Will future Canadians apologize to people with disabilities for euthanasia?

Alex Schadenberg
Executive Director, Euthanasia Prevention Coalition

Charles Lane
Charles Lane wrote an insightful opinion article that was published by the Washington Post on August 17, 2022 titled: Will future Canadians owe the disabled an apology for euthanasia? Lane bases his article on the recent apology by Pope Francis to Canada's Indigenous community and relates it to the recent cases of people with disabilities who are living in poverty or with mental illness dying by euthanasia.

Lane writes:
These permissive standards may be resulting in avoidable death or distress for vulnerable people, and disability rights advocates are expressing concern, as Maria Cheng of the Associated Press reported Aug. 11.

She told the story of 61-year-old Alan Nichols, who requested — and received — euthanasia less than a month after entering a British Columbia hospital in June 2019 suffering from suicidal thoughts, dehydration and malnutrition. The decision was apparently based on a medical history that included serious but typically non-life-threatening conditions such as depression and hearing loss.

His grief-stricken family has sought explanations as to how doctors could have found their loved one competent to “choose” death much less needful of it. “Somebody needs to take responsibility so that it never happens to another family,” Trish Nichols, Alan’s sister-in-law, told Cheng.

Cheng described the case of a man with amyotrophic lateral sclerosis, also known as ALS or Lou Gehrig’s disease, who felt driven to seek euthanasia because British Columbia officials would not provide him adequate support to live at home. In a case separately reported by Canadian media this year, a 31-year-old Toronto woman with a disability sought and received approval for euthanasia after what she said was a futile search for safe housing — only to decide to continue living after private parties helped her find an appropriate dwelling.
Lane also reports Cheng as writing that Canada does not require people to attempt effective treatments before dying by euthanasia, which is likely to lead to euthanasia for people who could have got better. Lane also refers to Cheng stating that:
Last year, a top United Nations disability rights official wrote to Trudeau advising him that legalizing euthanasia for the non-terminally ill creates an implied negative judgment on “the value or quality of life of persons with disabilities.”
There have been more sad stories of people with disabilities or those with mental illness or poverty, being urged to consider, being approved for, and/or dying by euthanasia.

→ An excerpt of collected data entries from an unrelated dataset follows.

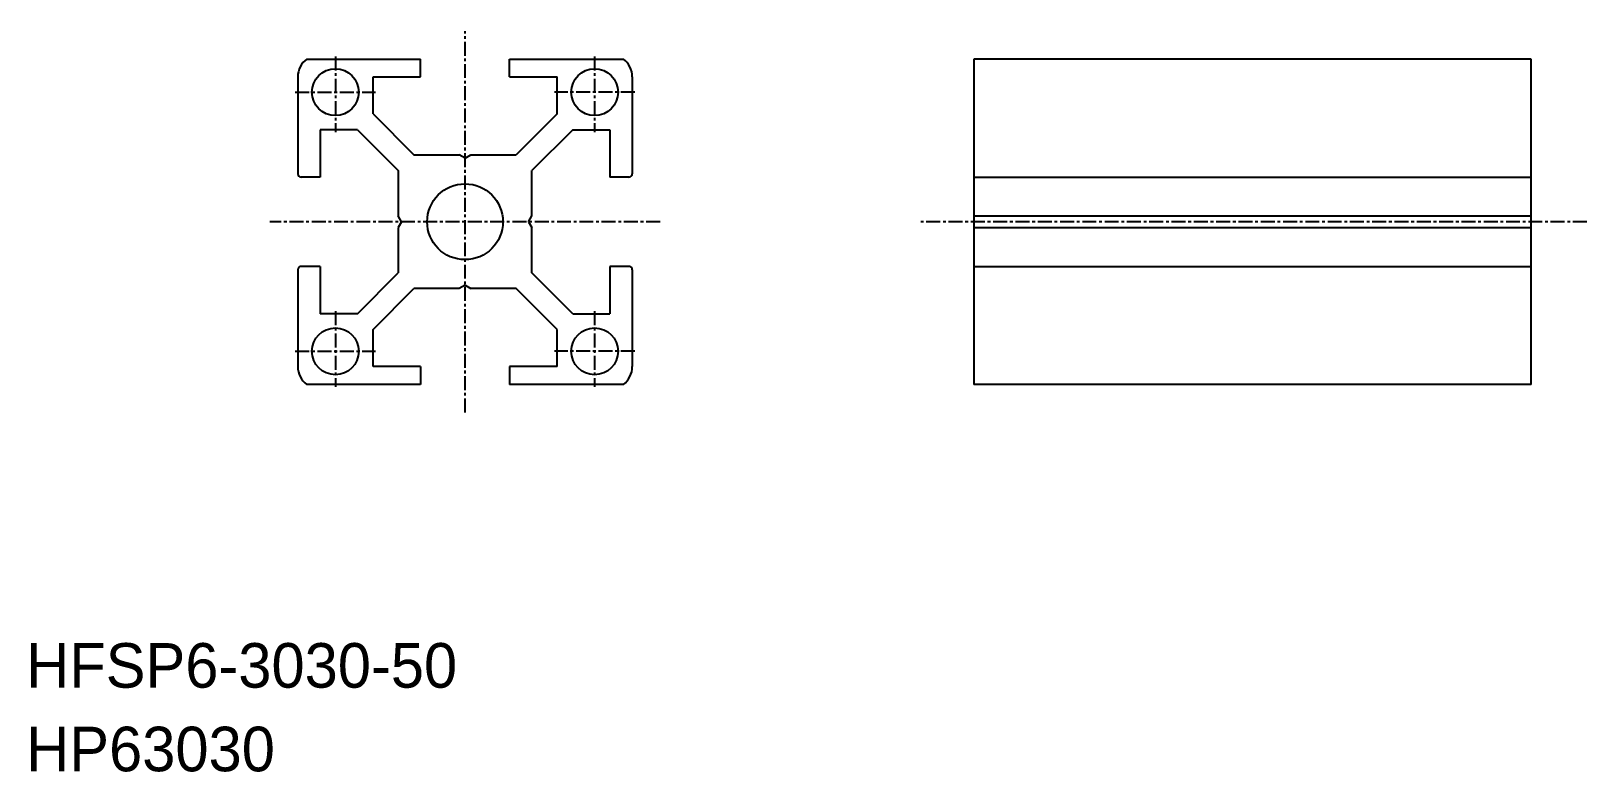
# Model space of a CAD drawing. Extents: x 0 to 140, y 36 to 102.
import ezdxf

# ---------------------------------------------------------------- set-up
doc = ezdxf.new("R2010")
doc.units = 0
doc.linetypes.add('CENTER', pattern=[2, 1.25, -0.25, 0.25, -0.25])
doc.layers.get('0').update_dxf_attribs({"linetype": 'CONTINUOUS'})
doc.layers.add('CENTER', color=1, linetype='CENTER')

msp = doc.modelspace()

# ---------------------------------------------------------------- linework, layer by layer
at = {"color": 7, "linetype": 'CONTINUOUS'}
for p, q in [((25.16, 99.62), (35.36, 99.62)), ((35.36, 98.02), (35.36, 99.62)), ((43.36, 99.62), (53.56, 99.62)), ((43.36, 98.02), (43.36, 99.62)), ((84.98, 99.62), (84.98, 70.42)), ((134.98, 99.62), (84.98, 99.62)), ((134.98, 70.42), (134.98, 99.62)), ((24.36, 98.02), (24.36, 89.32)), ((31.11, 94.69), (31.11, 98.02)), ((31.11, 98.02), (35.36, 98.02)), ((43.36, 98.02), (47.61, 98.02)), ((47.61, 94.69), (47.61, 98.02)), ((54.36, 98.02), (54.36, 89.32)), ((31.11, 94.69), (34.77, 91.02)), ((47.61, 94.69), (43.95, 91.02)), ((29.7, 93.27), (26.36, 93.27)), ((26.36, 93.27), (26.36, 89.02)), ((29.7, 93.27), (33.36, 89.61)), ((49.02, 93.27), (45.36, 89.61)), ((49.02, 93.27), (52.36, 93.27)), ((52.36, 93.27), (52.36, 89.02)), ((34.77, 91.02), (38.84, 91.02)), ((39.36, 90.72), (38.84, 91.02)), ((39.36, 90.72), (39.88, 91.02)), ((39.88, 91.02), (43.95, 91.02)), ((33.36, 89.61), (33.36, 85.54)), ((45.36, 85.54), (45.36, 89.61)), ((26.36, 89.02), (24.66, 89.02)), ((54.06, 89.02), (52.36, 89.02)), ((84.98, 89.02), (134.98, 89.02)), ((33.66, 85.02), (33.36, 85.54)), ((45.06, 85.02), (45.36, 85.54)), ((84.98, 85.54), (134.98, 85.54)), ((33.66, 85.02), (33.36, 84.5)), ((33.36, 84.5), (33.36, 80.44)), ((45.06, 85.02), (45.36, 84.5)), ((45.36, 80.44), (45.36, 84.5)), ((84.98, 84.5), (134.98, 84.5)), ((26.36, 81.02), (24.66, 81.02)), ((26.36, 81.02), (26.36, 76.77)), ((52.36, 81.02), (52.36, 76.77)), ((54.06, 81.02), (52.36, 81.02)), ((84.98, 81.02), (134.98, 81.02)), ((24.36, 80.72), (24.36, 72.02)), ((29.7, 76.77), (33.36, 80.44)), ((49.02, 76.77), (45.36, 80.44)), ((54.36, 80.72), (54.36, 72.02)), ((31.11, 75.36), (34.77, 79.02)), ((38.84, 79.02), (34.77, 79.02)), ((39.36, 79.32), (38.84, 79.02)), ((39.36, 79.32), (39.88, 79.02)), ((43.95, 79.02), (39.88, 79.02)), ((41.65, 79.02), (41.65, 79.02)), ((47.61, 75.36), (43.95, 79.02)), ((29.7, 76.77), (26.36, 76.77)), ((49.02, 76.77), (52.36, 76.77)), ((31.11, 72.02), (31.11, 75.36)), ((47.61, 72.02), (47.61, 75.36)), ((35.36, 72.02), (31.11, 72.02)), ((35.36, 72.02), (35.36, 70.42)), ((47.61, 72.02), (43.36, 72.02)), ((43.36, 72.02), (43.36, 70.42)), ((35.36, 70.42), (25.16, 70.42)), ((53.56, 70.42), (43.36, 70.42)), ((134.98, 70.42), (84.98, 70.42))]:
    msp.add_line(p, q, dxfattribs=at)
for centre, radius in [((27.73, 96.65), 2.1), ((50.98, 96.65), 2.1), ((39.36, 85.02), 3.4), ((27.73, 73.4), 2.1), ((50.98, 73.4), 2.1)]:
    msp.add_circle(centre, radius, dxfattribs=at)
for centre, radius, start, end in [((26.36, 98.02), 2, 126.8699, 180), ((52.36, 98.02), 2, 0, 53.1301), ((24.66, 89.32), 0.3, 180, 270), ((54.06, 89.32), 0.3, 270, 0), ((24.66, 80.72), 0.3, 90, 180), ((54.06, 80.72), 0.3, 0, 90), ((26.36, 72.02), 2, 180, 233.1301), ((52.36, 72.02), 2, 306.8699, 360)]:
    msp.add_arc(centre, radius, start, end, dxfattribs=at)
at = {"layer": 'CENTER', "color": 1, "linetype": 'CENTER'}
for p, q in [((39.36, 67.92), (39.36, 102.12)), ((27.73, 99.85), (27.73, 93.05)), ((50.98, 99.85), (50.98, 93.05)), ((24.13, 96.65), (31.33, 96.65)), ((54.58, 96.65), (47.38, 96.65)), ((56.86, 85.02), (21.86, 85.02)), ((139.98, 85.02), (79.98, 85.02)), ((27.73, 77), (27.73, 70.2)), ((50.98, 77), (50.98, 70.2)), ((24.13, 73.4), (31.33, 73.4)), ((54.58, 73.4), (47.38, 73.4))]:
    msp.add_line(p, q, dxfattribs=at)

# ---------------------------------------------------------------- texts
at = {"color": 7, "linetype": 'CONTINUOUS'}
for s, p in [('HFSP6-3030-50', (0, 43.22)), ('HP63030', (0, 35.72))]:
    msp.add_text(s, height=4, dxfattribs=at).set_placement(p)

doc.saveas('drawing.dxf')
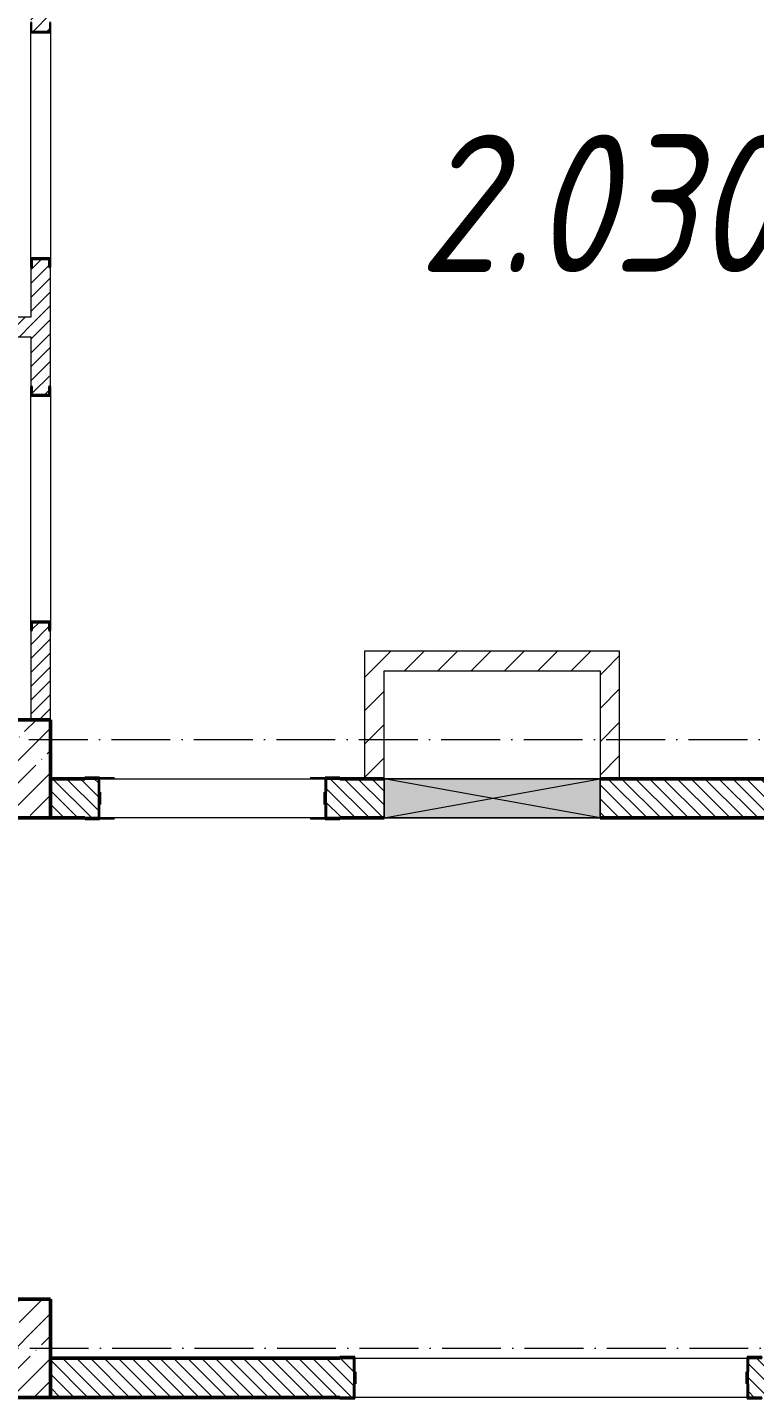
# Model space of a CAD drawing. Header units: millimetres. Extents: x -12989 to 629078, y -109036 to 555275.
# Drawn here: x 599850 to 603555, y 133759 to 140740 of the extents above; entities that cross this region are included whole.
import ezdxf

# ---------------------------------------------------------------- set-up
doc = ezdxf.new("R2010")
doc.units = ezdxf.units.MM
doc.linetypes.add('50_200_ШТРИХ_1Т_ш5_п1_п1_', pattern=[700, 500, -100, 0, -100])
for name, color, linetype, lineweight in [('A-DETL-GENF-OTLN', 7, 'Continuous', 9), ('A-GENM-____-MCUT', 7, 'Continuous', 25), ('A-GENM-____-OTLN', 7, 'Continuous', 9), ('A-GENM-____-OTLN-1', 7, 'Continuous', 25), ('A-GLAZ-____-OTLN', 7, 'Continuous', 9), ('A-WALL-____-MCUT', 7, 'Continuous', 13), ('A-WALL-____-MCUT-2', 7, 'Continuous', 50), ('A-WALL-____-PATT-1', 7, 'Continuous', 9), ('A-WALL-FNSH-MCUT-1', 7, 'Continuous', 9), ('I-WALL-____-OTLN', 7, 'Continuous', 9), ('S-COLS-____-MCUT', 7, 'Continuous', 50), ('S-COLS-____-OTLN', 7, 'Continuous', 9), ('S-GRID-____-OTLN-1', 7, '50_200_ШТРИХ_1Т_ш5_п1_п1_', 9), ('Марки помещений', 7, 'Continuous', 9)]:
    doc.layers.add(name, color=color, linetype=linetype, lineweight=lineweight)
doc.styles.add('ISOCPEUR_I_2', font='isocpeui.ttf', dxfattribs={"width": 0.85, "height": 2.3})
pattern_1 = [(45, (-83150, -46181.04), (-114.04925, 114.04925), []), (45, (-83035.95, -46181.04), (-114.04925, 114.04925), [201.613, -40.323, 3.353, -36.97])]
pattern_2 = [(45, (516567.8, 90784.41), (-35.35534, 35.35534), [])]
pattern_3 = [(135, (516567.8, 90784.41), (-35.35534, -35.35534), [])]
pattern_4 = [(45, (-83150, -43231.04), (-114.04925, 114.04925), []), (45, (-83035.95, -43231.04), (-114.04925, 114.04925), [201.613, -40.323, 3.353, -36.97])]
pattern_5 = [(45, (516567.8, 90784.41), (-84.85281, 84.85281), [])]

# ---------------------------------------------------------------- blocks, each defined once
blk = doc.blocks.new('BSC_Колонна _Прямоугольная - 500х500-V54-АР1_План отверстий 2 этажа в осях 1-64_Ю-ЯЯ')
at = {"layer": 'S-COLS-____-OTLN'}
h = blk.add_hatch(dxfattribs=at)
h.set_pattern_fill('FP_64', color=256, style=0, pattern_type=2)
h.set_pattern_definition(pattern_1)
h.paths.add_polyline_path([(-250, -250), (250, -250), (250, 250), (-250, 250)], flags=0)
at = {"layer": 'S-COLS-____-MCUT'}
for p, q in [((250, 250), (-250, 250)), ((-250, 250), (-250, -250)), ((250, -250), (250, 250)), ((-250, -250), (250, -250))]:
    blk.add_line(p, q, dxfattribs=at)
blk = doc.blocks.new('BSC_Колонна _Прямоугольная - 500х500-V121-АР1_План отверстий 2 этажа в осях 1-64_Ю-ЯЯ')
at = {"layer": 'S-COLS-____-OTLN'}
h = blk.add_hatch(dxfattribs=at)
h.set_pattern_fill('FP_134', color=256, style=0, pattern_type=2)
h.set_pattern_definition(pattern_4)
h.paths.add_polyline_path([(-250, -250), (250, -250), (250, 250), (-250, 250)], flags=0)
at = {"layer": 'S-COLS-____-MCUT'}
for p, q in [((250, 250), (-250, 250)), ((-250, 250), (-250, -250)), ((250, -250), (250, 250)), ((-250, -250), (250, -250))]:
    blk.add_line(p, q, dxfattribs=at)
blk = doc.blocks.new('154_Фахверк_СКБ_Швеллер - Тип_100_3960-28331862-АР1_План отверстий 2 этажа в осях 1-64_Ю-ЯЯ')
at = {"layer": 'A-GENM-____-MCUT'}
for p, q in [((175, 50), (125, 50)), ((125, 50), (125, -50)), ((128, 47), (175, 47)), ((128, -47), (128, 47)), ((175, 47), (175, 50)), ((125, -50), (175, -50)), ((175, -47), (128, -47)), ((175, -50), (175, -47))]:
    blk.add_line(p, q, dxfattribs=at)
blk = doc.blocks.new('154_Стойка_СКБ_Швеллер - СМ-2180_100-28278414-АР1_План отверстий 2 этажа в осях 1-64_Ю-ЯЯ')
at = {"layer": 'A-GENM-____-MCUT'}
for p, q in [((171, 50), (125, 50)), ((125, 50), (125, -50)), ((129.5, 42.4), (171, 42.4)), ((129.5, -42.4), (129.5, 42.4)), ((171, 42.4), (171, 50)), ((125, -50), (171, -50)), ((171, -42.4), (129.5, -42.4)), ((171, -50), (171, -42.4))]:
    blk.add_line(p, q, dxfattribs=at)
blk = doc.blocks.new('154_Стойка_СКБ_Уголок - СМ-2180_200-28268025-АР1_План отверстий 2 этажа в осях 1-64_Ю-ЯЯ')
at = {"layer": 'A-GENM-____-MCUT'}
for p, q in [((125, 156), (125, 81)), ((200, 156), (125, 156)), ((131, 81), (131, 150)), ((131, 150), (200, 150)), ((200, 150), (200, 156)), ((125, 81), (131, 81)), ((131, 19), (125, 19)), ((125, 19), (125, -56)), ((131, -50), (131, 19)), ((125, -56), (200, -56)), ((200, -50), (131, -50)), ((200, -56), (200, -50))]:
    blk.add_line(p, q, dxfattribs=at)
blk = doc.blocks.new('Фахверк_СКБ_Уголок - 200_3550-28267367-АР1_План отверстий 2 этажа в осях 1-64_Ю-ЯЯ')
at = {"layer": 'A-GENM-____-MCUT'}
for p, q in [((200, 156), (125, 156)), ((125, 156), (125, 81)), ((131, 81), (131, 150)), ((131, 150), (200, 150)), ((200, 150), (200, 156)), ((125, 81), (131, 81)), ((131, 19), (125, 19)), ((125, 19), (125, -56)), ((131, -50), (131, 19)), ((125, -56), (200, -56)), ((200, -50), (131, -50)), ((200, -56), (200, -50))]:
    blk.add_line(p, q, dxfattribs=at)
blk = doc.blocks.new('AR_Отверстие прямоугольное _в стене__БезПР - AR_Отверстие прямоугольное _в стене__БезПР-36789527-АР1_План отверстий 2 этажа в осях 1-64_Ю-ЯЯ')
at = {"layer": 'A-GLAZ-____-OTLN'}
blk.add_hatch(color=256, dxfattribs=at).paths.add_polyline_path([(-550, 100), (-550, -100), (550, -100), (550, 100)], flags=0)
at = {"layer": 'A-DETL-GENF-OTLN'}
for p, q in [((-550, -100), (-550, 100)), ((-550, 100), (550, 100)), ((550, 100), (-550, -100)), ((-550, 100), (550, -100)), ((550, 100), (-550, 100)), ((-550, 100), (-550, -100)), ((550, 100), (550, -100)), ((550, -100), (550, 100)), ((550, -100), (-550, -100)), ((-550, -100), (550, -100))]:
    blk.add_line(p, q, dxfattribs=at)
at = {"layer": 'A-GLAZ-____-OTLN'}
blk.add_line((550, 100), (-550, 100), dxfattribs=at)
blk = doc.blocks.new('BSC_Колонна _Прямоугольная - 500х500-V81-АР1_План отверстий 2 этажа в осях 1-64_А-ГГ')
at = {"layer": 'S-COLS-____-OTLN'}
h = blk.add_hatch(dxfattribs=at)
h.set_pattern_fill('FP_110', color=256, style=0, pattern_type=2)
h.set_pattern_definition(pattern_1)
h.paths.add_polyline_path([(-250, -250), (250, -250), (250, 250), (-250, 250)], flags=0)
at = {"layer": 'S-COLS-____-MCUT'}
for p, q in [((250, 250), (-250, 250)), ((-250, 250), (-250, -250)), ((250, -250), (250, 250)), ((-250, -250), (250, -250))]:
    blk.add_line(p, q, dxfattribs=at)
blk = doc.blocks.new('BSC_Колонна _Прямоугольная - 500х500-V125-АР1_План отверстий 2 этажа в осях 1-64_А-ГГ')
at = {"layer": 'S-COLS-____-OTLN'}
h = blk.add_hatch(dxfattribs=at)
h.set_pattern_fill('FP_155', color=256, style=0, pattern_type=2)
h.set_pattern_definition(pattern_4)
h.paths.add_polyline_path([(-250, -250), (250, -250), (250, 250), (-250, 250)], flags=0)
at = {"layer": 'S-COLS-____-MCUT'}
for p, q in [((250, 250), (-250, 250)), ((-250, 250), (-250, -250)), ((250, -250), (250, 250)), ((-250, -250), (250, -250))]:
    blk.add_line(p, q, dxfattribs=at)
blk = doc.blocks.new('154_Стойка_СКБ_Швеллер - СМ-2180_100-28278414-АР1_План отверстий 2 этажа в осях 1-64_А-ГГ')
at = {"layer": 'A-GENM-____-MCUT'}
for p, q in [((171, 50), (125, 50)), ((125, 50), (125, -50)), ((129.5, 42.4), (171, 42.4)), ((129.5, -42.4), (129.5, 42.4)), ((171, 42.4), (171, 50)), ((125, -50), (171, -50)), ((171, -42.4), (129.5, -42.4)), ((171, -50), (171, -42.4))]:
    blk.add_line(p, q, dxfattribs=at)
blk = doc.blocks.new('154_Стойка_СКБ_Уголок - СМ-2180_200-28268025-АР1_План отверстий 2 этажа в осях 1-64_А-ГГ')
at = {"layer": 'A-GENM-____-MCUT'}
for p, q in [((125, 156), (125, 81)), ((200, 156), (125, 156)), ((131, 81), (131, 150)), ((131, 150), (200, 150)), ((200, 150), (200, 156)), ((125, 81), (131, 81)), ((131, 19), (125, 19)), ((125, 19), (125, -56)), ((131, -50), (131, 19)), ((125, -56), (200, -56)), ((200, -50), (131, -50)), ((200, -56), (200, -50))]:
    blk.add_line(p, q, dxfattribs=at)
blk = doc.blocks.new('Стойка_Влож_Уголок_Опорный - Уголок-28213941-АР1_План отверстий 2 этажа в осях 1-64_А-ГГ')
at = {"layer": 'A-GENM-____-OTLN'}
for p, q in [((-212, -6), (-212, 0)), ((0, 0), (0, -6)), ((-212, -75), (-212, -6)), ((-212, -6), (-206, -6)), ((-6, -6), (0, -6)), ((0, -6), (0, -75)), ((-212, -75), (-206, -75)), ((-6, -75), (0, -75))]:
    blk.add_line(p, q, dxfattribs=at)
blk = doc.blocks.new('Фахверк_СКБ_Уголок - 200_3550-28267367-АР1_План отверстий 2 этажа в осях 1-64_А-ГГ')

Here are some links to some of these stories:
  • Veterans affairs worker advocates euthanasia for PTSD (Link).
  • Shopping for doctor death in Canada (Link).
  • Gwen is seeking euthanasia because she can't access medical treatment (Link).
  • Euthanasia for disability and poverty (Link).
  • Euthanasia for Long Covid and poverty (Link).
  • Canada's MAiD law is the most permissive in the world. (Link).
Lane then writes that Canada is expanding euthanasia to people with mental illness alone which he says is "a practice that has led to controversy over alleged abuses in Belgium and the Netherlands." Lane concludes:
"One of the most haunting aspects of the Canadian Indian Residential School system was that one of Canada’s worst historical crimes was managed and defended by people who fervently believed they were doing the right thing for ‘the Indian,’” Tristin Hopper wrote in the National Post last year.

As they expand euthanasia today, Canadians should bear in mind that they, too, are subject to the law of unintended consequences and to the judgment of future generations.
Either future Canadians will apologize for euthanizing people with disabilities, mental illness, the poor and the chronically ill, or our culture will become hardened to the needs of others and the culture will expect people in these circumstances to die.